105.

Michał i Mateusz byli lekko zaskoczeni moim wyglądem. W końcu nigdy jeszcze się tak mocno nie malowałam. No i pierwszy raz zdecydowałam się ubrać szpilki. Jednak od razu pochwalili mój wygląd. Wyszliśmy z domu i wsiedliśmy do auta. Ruszyliśmy w stronę umówionego miejsca, gdzie już za chwilę odbędzie się moja impreza. 
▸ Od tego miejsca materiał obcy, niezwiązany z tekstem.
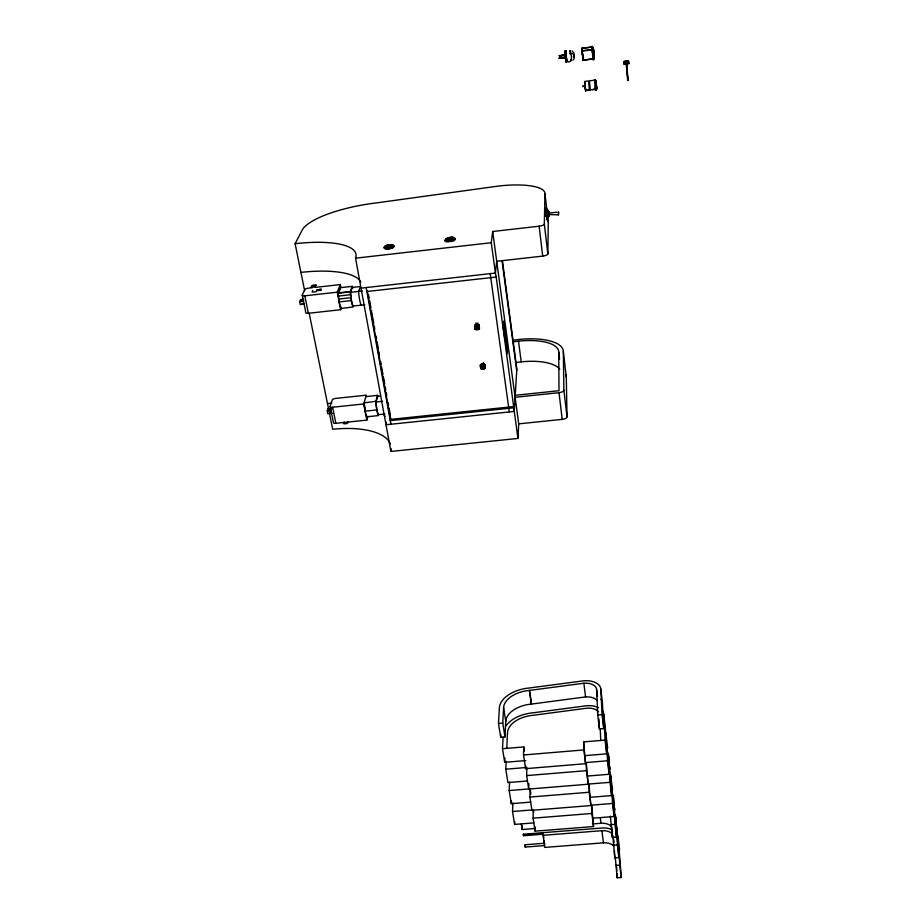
<?xml version="1.0" encoding="UTF-8"?>
<svg xmlns="http://www.w3.org/2000/svg" width="924" height="924" viewBox="0 0 924 924"><rect width="100%" height="100%" fill="white"/><g stroke="black" fill="none" stroke-linecap="round" stroke-linejoin="round"><path stroke-width="1.39" d="M548.036 210.995L548.51 216.505L548.024 210.811M548.798 212.786L548.51 210.845L548.995 216.401L548.325 211.03M548.325 211.169L548.59 213.675M546.662 213.155L547.17 216.655L545.865 208.57M613.836 846.061A11.908 8.143 -6.1 0 0 603.407 842.838L544.698 847.424L542.919 833.471L523.377 835.019L523.4 834.222L601.79 828.031A15.962 10.788 -6.1 0 1 611.503 829.463M547.424 215.304L547.308 213.756L547.458 216.632L547.193 212.959L547.724 216.597L547.447 212.936L547.516 213.802M361.018 288.138L495.414 273.065L496.719 261.296L542.7 256.11A5.14 1.605 -7.3 0 0 547.851 253.904L548.267 221.991L547.482 215.719M593.254 818.167L614.067 816.516L612.531 803.476L591.603 805.151L593.554 826.541L535.077 831.161L535.158 826.968M547.851 253.904L544.328 224.047L544.975 193.717A48.545 13.352 -7.8 0 0 498.452 186.059L376.911 202.841A68.838 19.081 -9.2 0 0 302.148 230.122L295.114 243.705L304.631 290.725M535.077 831.161L533.113 818.167L533.275 809.84L512.543 811.503L514.61 824.427L533.853 822.891M587.918 776.021L609.101 774.277L607.507 760.775L586.22 762.543L588.184 784.21L528.701 789.061L528.828 783.598M590.609 797.273L611.607 795.587L610.036 782.316L588.934 784.037L590.886 805.555L531.912 810.29L529.914 797.066L530.11 788.83L509.193 790.54L511.295 803.684L530.711 802.113M528.701 789.061L526.657 775.594L526.842 768.814M525.259 847.077L525.051 844.779L544.49 843.254L544.71 845.552L525.259 847.077L525.051 844.779M602.298 710.533A16.794 10.06 -6.6 0 1 603.765 714.264L605.07 740.101L583.61 741.903L585.585 763.698L525.606 768.664L525.687 765.961M525.606 768.664L523.527 754.977L523.781 746.939L502.517 748.717L504.689 762.323L525.837 760.567M535.065 828.493L522.164 829.509L522.002 825.34M514.61 824.427L514.714 821.54M547.331 214.507L547.251 213.894M512.543 811.503L512.878 802.921M546.477 213.906C545.945 207.692 546.176 213.051 546.858 216.077M511.295 803.684L511.411 800.842M546.65 216.678L546.777 214.957A35.759 35.077 -69.3 0 1 546.396 211.85L546.488 211.446M547.736 215.696L547.632 216.332M546.604 215.107C546.257 217.752 548.775 215.396 548.486 216.505M509.193 790.54L509.563 782.051M547.227 216.228L546.893 212.994L547.447 216.574L547.089 213.814L547.135 216.089A35.054 22.442 -7.7 0 0 547.251 218.052L547.297 220.004L546.431 213.629M527.5 780.976L507.923 782.582L505.786 769.207L506.167 761.261M506.779 748.359L507.519 732.663A25.341 15.315 -8.4 0 1 532.986 715.315L586.936 708.188A12.59 7.542 -6.6 0 1 598.509 711.838M546.384 213.178L546.176 210.995M504.689 762.323L504.897 758.003M547.493 211.122L547.967 216.516L547.562 211.111M596.604 689.5L597.724 714.933L599.399 728.955L603.719 728.586L602.436 702.933L600.831 689.142A16.955 9.898 -6.6 0 0 583.622 680.803L529.429 687.976A29.88 17.579 -8.4 0 0 499.353 707.969L498.475 723.434L500.692 737.317L504.966 736.959L505.751 721.355L503.592 707.599A25.595 15.061 -8.4 0 1 529.371 690.436L583.864 683.217A12.717 7.415 -6.6 0 1 596.604 689.5L597.424 696.396M504.966 736.959L502.772 723.065L503.592 707.599M295.114 243.705A74.093 21.737 -10.3 0 1 355.544 258.177L390.898 451.443L517.948 438.45L518.722 423.85L492.688 231.508L539.119 226.184A5.197 1.525 -7.3 0 0 544.328 224.047M502.517 748.717L503.106 737.294M500.692 737.317L500.843 734.476M517.948 438.45L496.072 276.033L495.957 277.073L366.863 291.51L367.232 290.459L390.563 419.392L513.848 406.56M548.671 216.262L548.128 212.104M546.546 212.289L546.338 211.03L546.696 216.285M504.365 336.394L504.596 333.726M503.499 325.71L503.915 320.951L507.68 348.752L507.299 353.684L503.095 322.672M548.579 215.766L548.394 213.906M546.511 211.296L546.546 211.677M546.223 211.157L546.327 211.446A35.204 22.43 -7.8 0 1 546.257 209.586L547.297 209.355A34.916 3.869 -6.2 0 1 547.447 209.702M485.239 367.302L485.112 368.064L484.661 365.015A2.703 2.506 7.7 0 0 480.411 365.477L480.48 364.864A2.703 2.506 7.7 0 1 484.73 364.414L485.169 367.452A2.703 2.506 7.7 0 1 484.742 367.96M484.846 364.541L484.65 365.072M481.727 369.126L480.734 368.387L480.399 365.015M547.135 215.973L546.893 214.611M546.569 214.657L546.916 216.643L546.812 214.634M547.251 214.345L547.008 213.86M495.957 277.073L491.268 242.712L492.688 231.508M479.464 328.47L479.013 324.867A2.737 2.576 9.8 0 0 474.717 325.34L474.636 325.906A2.749 2.576 9.8 0 1 478.944 325.444L478.955 329.14M546.026 209.575L545.876 207.657M545.945 207.9L546.546 212.693M479.129 324.994L478.932 325.491M475.976 329.66L474.971 328.898L474.636 325.491M558.72 213.941L558.408 214.842L548.59 214.53M548.013 216.135L548.221 212.97M546.985 216.262L546.962 215.789A35.551 34.881 -69.3 0 1 546.869 213.71L547.147 216.759M570.316 53.326C574.231 59.379 566.955 67.787 566.273 56.156M548.521 216.412L548.486 215.2M390.864 418.156L390.263 420.639L513.767 407.796M573.469 56.884L574.035 53.176L572.106 50.947M573.966 55.971L574.208 54.978M384.881 413.987L378.413 414.668A9.864 1.64 83.6 0 1 376.056 401.975L377.593 396.338L380.168 396.061M375.86 401.305L364.183 402.852A10.845 1.894 83.6 0 0 366.828 416.793L378.447 415.581A10.845 1.813 83.6 0 1 375.872 401.628L377.477 395.333L365.973 396.65M366.828 420.097L363.767 403.961L366.308 395.172L335.574 398.429A2.957 1.12 -10.6 0 0 332.293 399.919L330.134 406.329L333.368 422.395A2.968 1.167 -10.8 0 0 335.862 423.331L366.828 420.097L367.891 416.274M475.952 322.973L477.038 324.324L477.847 323.007M476.16 325.479C476.622 328.032 478.366 324.035 476.16 325.502M477.708 324.855L476.888 323.504L475.802 324.821M475.733 329.545L475.028 326.01L475.906 329.002L475.964 326.784L476.541 328.089L476.957 326.946L477.581 327.985L477.673 326.415L478.135 328.921M483.622 363.594L483.483 362.658M484.095 368.272L483.714 368.895M348.186 421.459L347.655 423.192A2.945 1.167 -10.6 0 1 343.589 423.619L344.121 421.887M332.605 413.236L327.789 413.744L327.246 411.076L328.078 408.651L331.681 408.269M364.807 304.758L353.084 306.052A10.383 1.802 82.8 0 1 350.519 292.307L352.344 287.41L360.383 286.498L358.639 291.406A10.383 1.744 82.8 0 0 361.168 305.163M341.095 308.443L353.13 306.987A11.411 1.987 82.8 0 1 351.293 300.589L350.3 291.545L352.229 286.359L340.171 287.711L338.126 292.908L339.131 301.952A11.411 2.079 82.7 0 0 341.014 308.339L340.621 309.713L308.362 313.294A3.095 1.005 -10.3 0 1 305.809 312.543L302.264 295.103L304.804 289.547A3.084 0.959 -10.2 0 1 308.269 288.173L312.439 287.711M338.357 293.67L340.286 288.762M340.621 309.713L337.272 292.192L340.275 284.58L315.223 287.399M626.946 62.024L626.911 61.434M626.46 62.058L626.992 61.827M625.721 62.174L626.276 61.596M625.629 62.07L626.01 61.481M312.762 290.459L312.116 291.926A3.095 0.97 -10.1 0 0 316.389 291.453L317.036 289.974A3.095 0.97 -10.1 0 0 316.482 289.882M303.973 304.146L300.208 304.562L299.619 301.674L300.577 299.561L303.084 299.284M479.544 327.835L479.464 327.985A2.737 2.576 9.8 0 1 478.147 329.059M485.181 367.914L484.661 368.63M477.754 329.267L477.639 328.355M331.266 409.482L328.863 409.863L331.277 409.355M318.26 290.529L321.171 290.332L320.27 289.951M572.892 60.187C575.409 58.258 574.485 53.684 571.275 53.153M479.14 328.932L478.343 325.456L478.262 328.528M477.766 329.233L476.622 329.083M626.125 61.111L626.842 61.7M627.673 80.504L626.703 63.41M627.985 79.672L626.553 62.705M626.16 62.185L626.333 62.081M626.403 61.319L625.941 61.146M482.617 365.939L482.778 364.737M303.592 300.427L301.339 300.577L303.626 299.919M626.726 61.423C628.539 61.354 627.835 61.527 628.47 61.042A2.934 0.589 -6.8 0 0 623.85 61.608L624.162 64.206A2.934 0.589 -6.8 0 0 628.794 63.641L628.736 61.689M623.769 61.816L623.862 61.769A2.934 0.589 -6.8 0 1 628.482 61.203L628.643 61.896A2.934 0.589 -6.8 0 1 624.012 62.474L623.758 61.654M627.974 80.492L626.01 62.774M331.335 412.543L329.406 412.531M628.343 61.839L628.112 61.908A2.934 0.589 -6.8 0 1 624.89 62.347L623.896 62.289M625.225 62.174L624.185 61.55L624.035 62.312M480.977 368.595L480.584 365.5L481.774 368.329L481.566 366.181L482.397 367.44L482.628 366.308L483.264 367.313L483.344 365.788L484.234 367.925L483.957 364.841L485.077 368.075A2.703 2.506 7.7 0 1 480.85 368.514M303.649 303.534L302.009 303.569M477.142 328.228L476.611 329.106M475.086 329.036A2.749 2.576 9.8 0 0 479.394 328.563L479.394 328.574M482.778 365.869L481.878 365.373L482.778 364.772M483.056 368.965L483.217 367.775M627.142 61.411L627.904 61.793M627.743 61.053L627.812 61.746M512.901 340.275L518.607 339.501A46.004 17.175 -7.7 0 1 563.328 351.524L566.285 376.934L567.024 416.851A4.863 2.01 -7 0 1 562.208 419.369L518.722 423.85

Weszłam do środka, a wszyscy zaczęli śpiewać mi Happy Birthday. Oczywiście na samym przodzie stała trójka moich przyjaciół. Uśmiechnęłam się do nich szeroko. Zdecydowanie poprawił mi się humor. Gdy skończyli każdy z osobna podchodził złożyć mi życzenia oraz wręczyć prezent. Każdy mnie obejmował, było mi na prawdę miło. Wszystkie prezenty odkładałam na kanapę, w czym pomagał mi Michał. 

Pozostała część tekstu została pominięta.